The BCS then refines this solution using a local search that attempts to replace low-confidence characters in the grid. Local search works using a guided proposal distribution in which the characters that had the lowest marginal probabilities during belief propagation are iteratively replaced until a locally optimal solution is found. We annotate these alternative characters using a character-level language model (ByT5, Xue et al., 2022), which handles novel responses better than our closed-book quality control model.
Figure 3: Example of changes made by our local search procedure
We evaluated the BCS on puzzles from five major crossword publishers, including The New York Times. Our system averages 99.7% letter accuracy, which jumps to 99.9% if you ignore puzzles involving rare themes. It solves 81.7% of puzzles without a single error, which is a 24.8% improvement over the previous state-of-the-art system.
Figure 4: Results compared with the prior art Dr.Fill
The American Crossword Puzzle Tournament (ACPT) is the largest and longest running crossword puzzle tournament and is organized by Will Shortz, the crossword editor of the New York Times. Two earlier approaches to solving computer crosswords gained mainstream attention and competed in the ACPT: Proverb and Dr.Fill. Proverb is a 1998 system that was ranked 213 out of 252 competitors in the tournament. Dr.Fill’s first competition was at ACPT 2012 and he placed 141st out of 650 competitors. We teamed up with Dr.Fill creator Matt Ginsberg and combined an early version of our quality control system with Dr.Fill’s search procedure to beat 1033 human competitors at ACPT 2021. Our joint presentation solved all seven puzzles in less than a minute, and only three letters were missing in two puzzles.
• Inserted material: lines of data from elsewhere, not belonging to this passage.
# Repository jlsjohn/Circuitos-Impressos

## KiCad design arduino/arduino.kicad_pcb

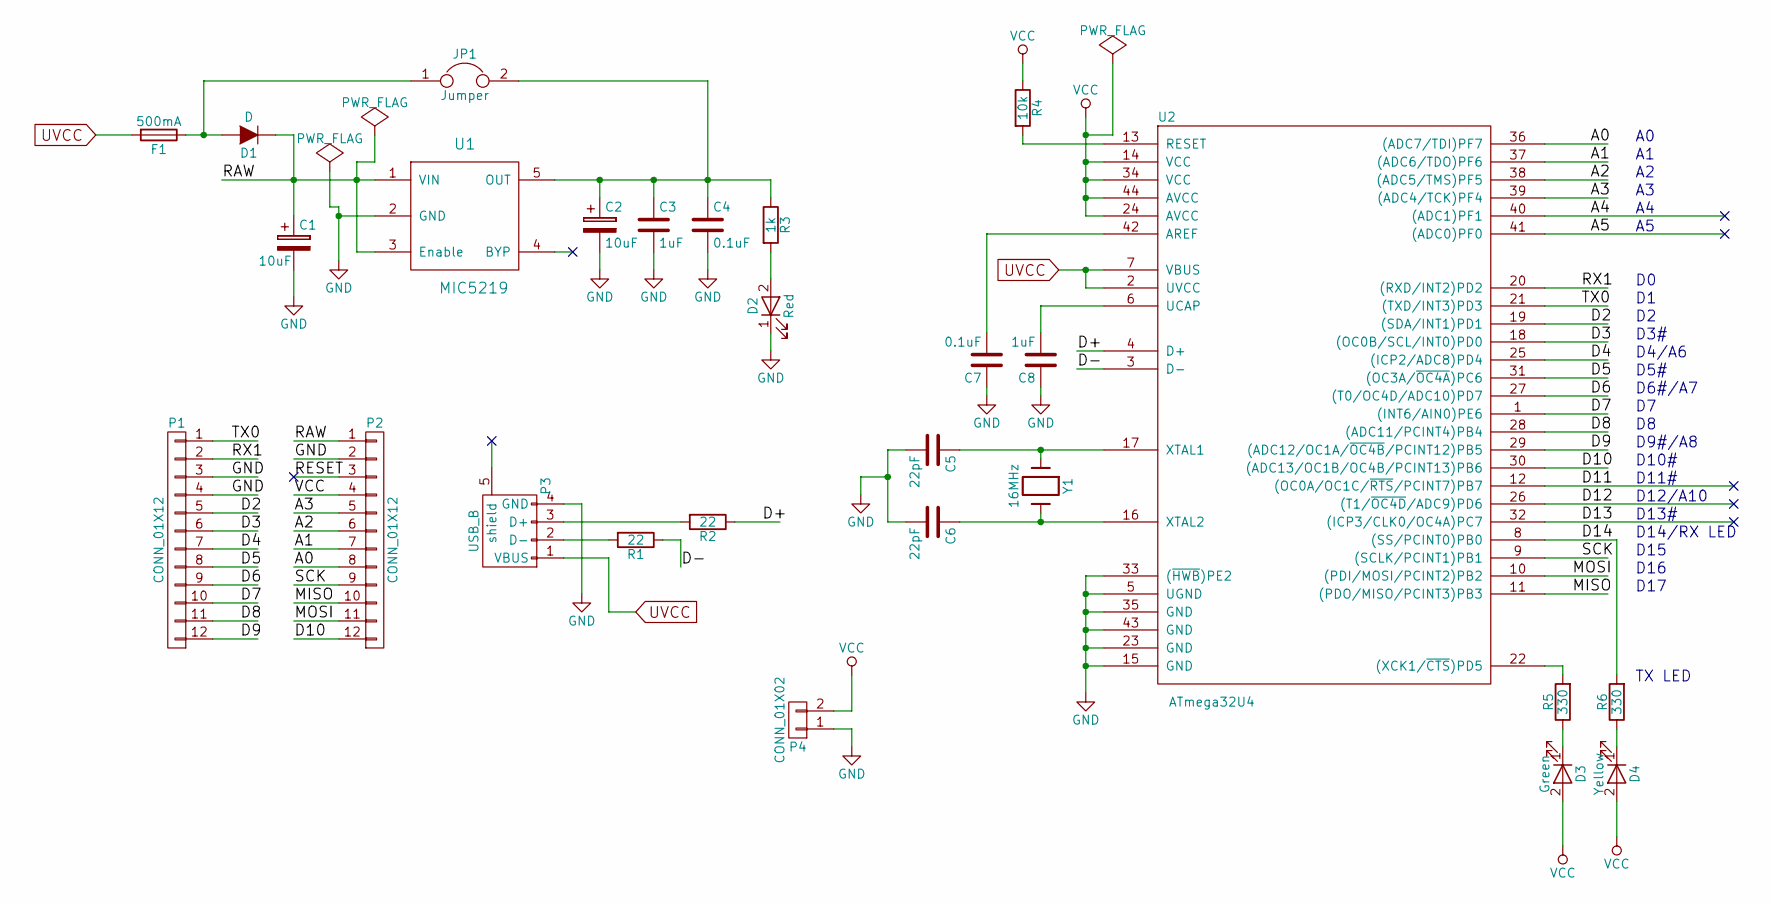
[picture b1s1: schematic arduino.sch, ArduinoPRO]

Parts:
C1, C2: 10uF; CP_Elec_3x5.3
C3, C8: 1uF; C_0805
C4, C7: 0.1uF; C_0805
C5, C6: 22pF; C_0805
D1: D; D_0805
D2: Red; LED_0805
D3: Green; LED_0805
D4: Yellow; LED_0805
F1: 500mA; Fuse_SMD
JP1: Jumper; WireConnection_0.80mmDrill
P1, P2: CONN_01X12; JST_EH_B12B-EH-A_12x2.50mm_Straight
P3: USB_B
P4: CONN_01X02; Connector_Microfit3_Header_02x01_Straight_43045-0228
R1, R2: 22; R_0805
R3: 1k; R_0805
R4: 10k; R_0805
R5, R6: 330; R_0805
U1: MIC5219; SOT-23-5
U2: ATmega32U4; PLCC-44
Y1: 16MHz; Crystal_SMD_5032-2pin_5.0x3.2mm

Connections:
/A0: P2.8, U2.36 ((ADC7/TDI)PF7)
/A1: P2.7, U2.37 ((ADC6/TDO)PF6)
/A2: P2.6, U2.38 ((ADC5/TMS)PF5)
/A3: P2.5, U2.39 ((ADC4/TCK)PF4)
/A4: U2.40 ((ADC1)PF1)
/A5: U2.41 ((ADC0)PF0)
/D2: P1.5, U2.19 ((SDA/INT1)PD1)
/D3: P1.6, U2.18 ((OC0B/SCL/INT0)PD0)
/D4: P1.7, U2.25 ((ICP2/ADC8)PD4)
/D5: P1.8, U2.31 ((OC3A/~OC4A~)PC6)
/D6: P1.9, U2.27 ((T0/OC4D/ADC10)PD7)
/D7: P1.10, U2.1 ((INT6/AIN0)PE6)
/D8: P1.11, U2.28 ((ADC11/PCINT4)PB4)
/D9: P1.12, U2.29 ((ADC12/OC1A/~OC4B~/PCINT12)PB5)
/D10: P2.12, U2.30 ((ADC13/OC1B/OC4B/PCINT13)PB6)
/D11: U2.12 ((OC0A/OC1C/~RTS~/PCINT7)PB7)
/D12: U2.26 ((T1/~OC4D~/ADC9)PD6)
/D13: U2.32 ((ICP3/CLK0/OC4A)PC7)
/D14: R6.2, U2.8 ((SS/PCINT0)PB0)
/D+: R2.1, U2.4 (D+)
/D-: R1.1, U2.3 (D-)
/MISO: P2.10, U2.11 ((PDO/MISO/PCINT3)PB3)
/MOSI: P2.11, U2.10 ((PDI/MOSI/PCINT2)PB2)
/RAW: C1.1, D1.1 (K), P2.1, U1.1 (VIN), U1.3 (Enable)
/RESET: P2.3
/RX1: P1.2, U2.20 ((RXD/INT2)PD2)
/SCK: P2.9, U2.9 ((SCLK/PCINT1)PB1)
/TX0: P1.1, U2.21 ((TXD/INT3)PD3)
GND: C1.2, C2.2, C3.2, C4.2, C5.2, C6.2, C7.1, C8.1, D2.1 (K), P1.3, P1.4, P2.2, P3.4 (GND), P4.1, U1.2 (GND), U2.5 (UGND), U2.15 (GND), U2.23 (GND), U2.33 ((~HWB~)PE2), U2.35 (GND), U2.43 (GND)
unnamed: C2.1, C3.1, C4.1, JP1.2, R3.1, U1.5 (OUT)
unnamed: C5.1, U2.17 (XTAL1), Y1.1
unnamed: C6.1, U2.16 (XTAL2), Y1.2
unnamed: C7.2, U2.42 (AREF)
unnamed: C8.2, U2.6 (UCAP)
unnamed: D1.2 (A), F1.1, JP1.1
unnamed: D2.2 (A), R3.2
unnamed: D3.1 (K), R5.1
unnamed: D4.1 (K), R6.1
unnamed: P3.2 (D-), R1.2
unnamed: P3.3 (D+), R2.2
unnamed: R4.2, U2.13 (RESET)
unnamed: R5.2, U2.22 ((XCK1/~CTS~)PD5)
UVCC: F1.2, P3.1 (VBUS), U2.2 (UVCC), U2.7 (VBUS)
VCC: D3.2 (A), D4.2 (A), P2.4, P4.2, R4.1, U2.14 (VCC), U2.24 (AVCC), U2.34 (VCC), U2.44 (AVCC)

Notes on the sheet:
D3#
D4/A6
D5#
D6#/A7
D9#/A8
D10#
D11#
D12/A10
D13#
D14/RX LED
D15
D16
D17
TX LED

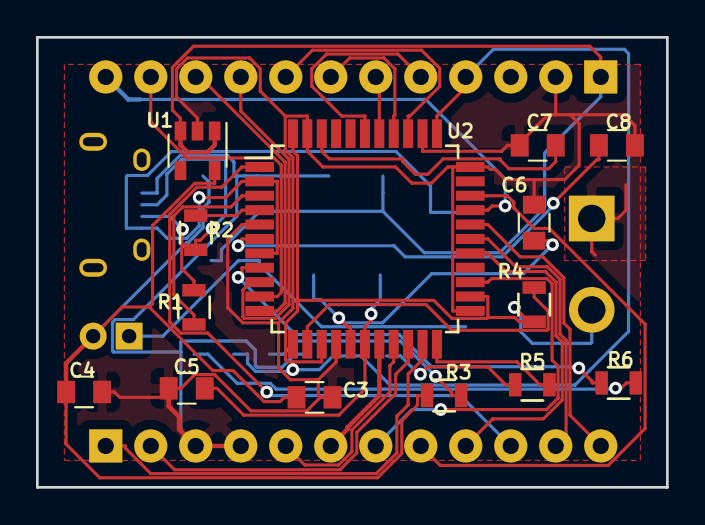
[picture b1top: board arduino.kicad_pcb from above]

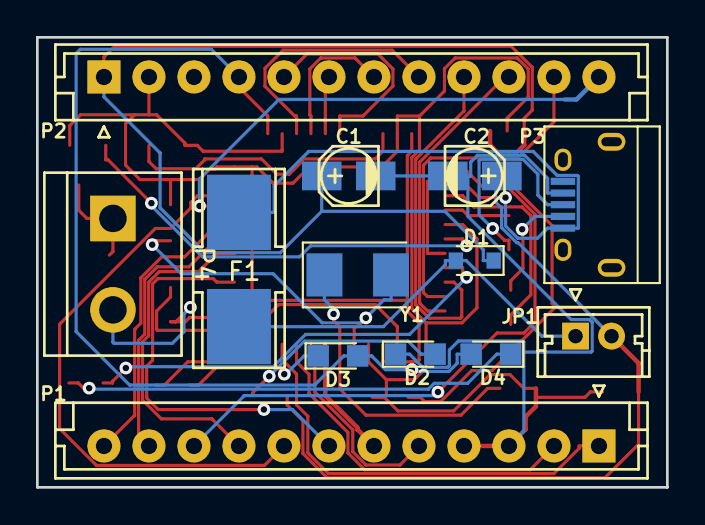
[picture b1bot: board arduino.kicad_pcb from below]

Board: 2 copper layers, 35.0 x 25.0 mm, 27 parts (13 on the bottom side), 38 nets.

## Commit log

2017-02-19 Atividades Concluidas

Figure 5: Results of the 2021 American Crossword Tournament (ACPT)
We are very excited about the challenges that remain in crosswords, such as handling difficult themes and more complex word games. To encourage future work, we are releasing a dataset of 6.4 million question answer clues, a demo of the Berkeley Crossword Solver, and our code at http://berkeleycrosswordsolver.com.
Answers to clues: MBAS, PST, EDU, INSTATER
Ikaroa is proud to present an overview of the Berkeley Crossword Solver – a unique artificial intelligence research blog created by Berkeley AI researchers. At Berkeley AI, the team is dedicated to advancing the state of the art in AI research and development. The Berkeley Crossword Solver blog showcases their latest projects, engaging conversations with PhD students, and cutting-edge concepts.
The blog provides readers with a unique window into the daily research of the Berkeley AI team. Each post dives into a specialized area of AI research, discussing renowned academic papers and the implications of their findings. The blog also covers AI-related events and news from around the world.
In addition to exploration and education, the Berkeley Crossword Solver blog is home to creative solutions for some of the world’s toughest crossword puzzles. AI is used to build efficient algorithms for solving these puzzles, and the blog provides readers with full walkthroughs of the solutions developed by the AI researchers.
Ikaroa’s own team of experts is collaborating with the Berkeley AI team to develop the next generation of AI-powered crossword puzzles. As part of this project, we have been able to use our expertise in deep learning and natural language processing to make the crossword solving algorithms even more effective. As AI research continues to make leaps and bounds, we are proud to be a part of the solution to further improve the power of AI technology.
We’re excited to follow the progress of the Berkeley Crossword Solver blog as the Berkeley AI team helps to shape the future of artificial intelligence research.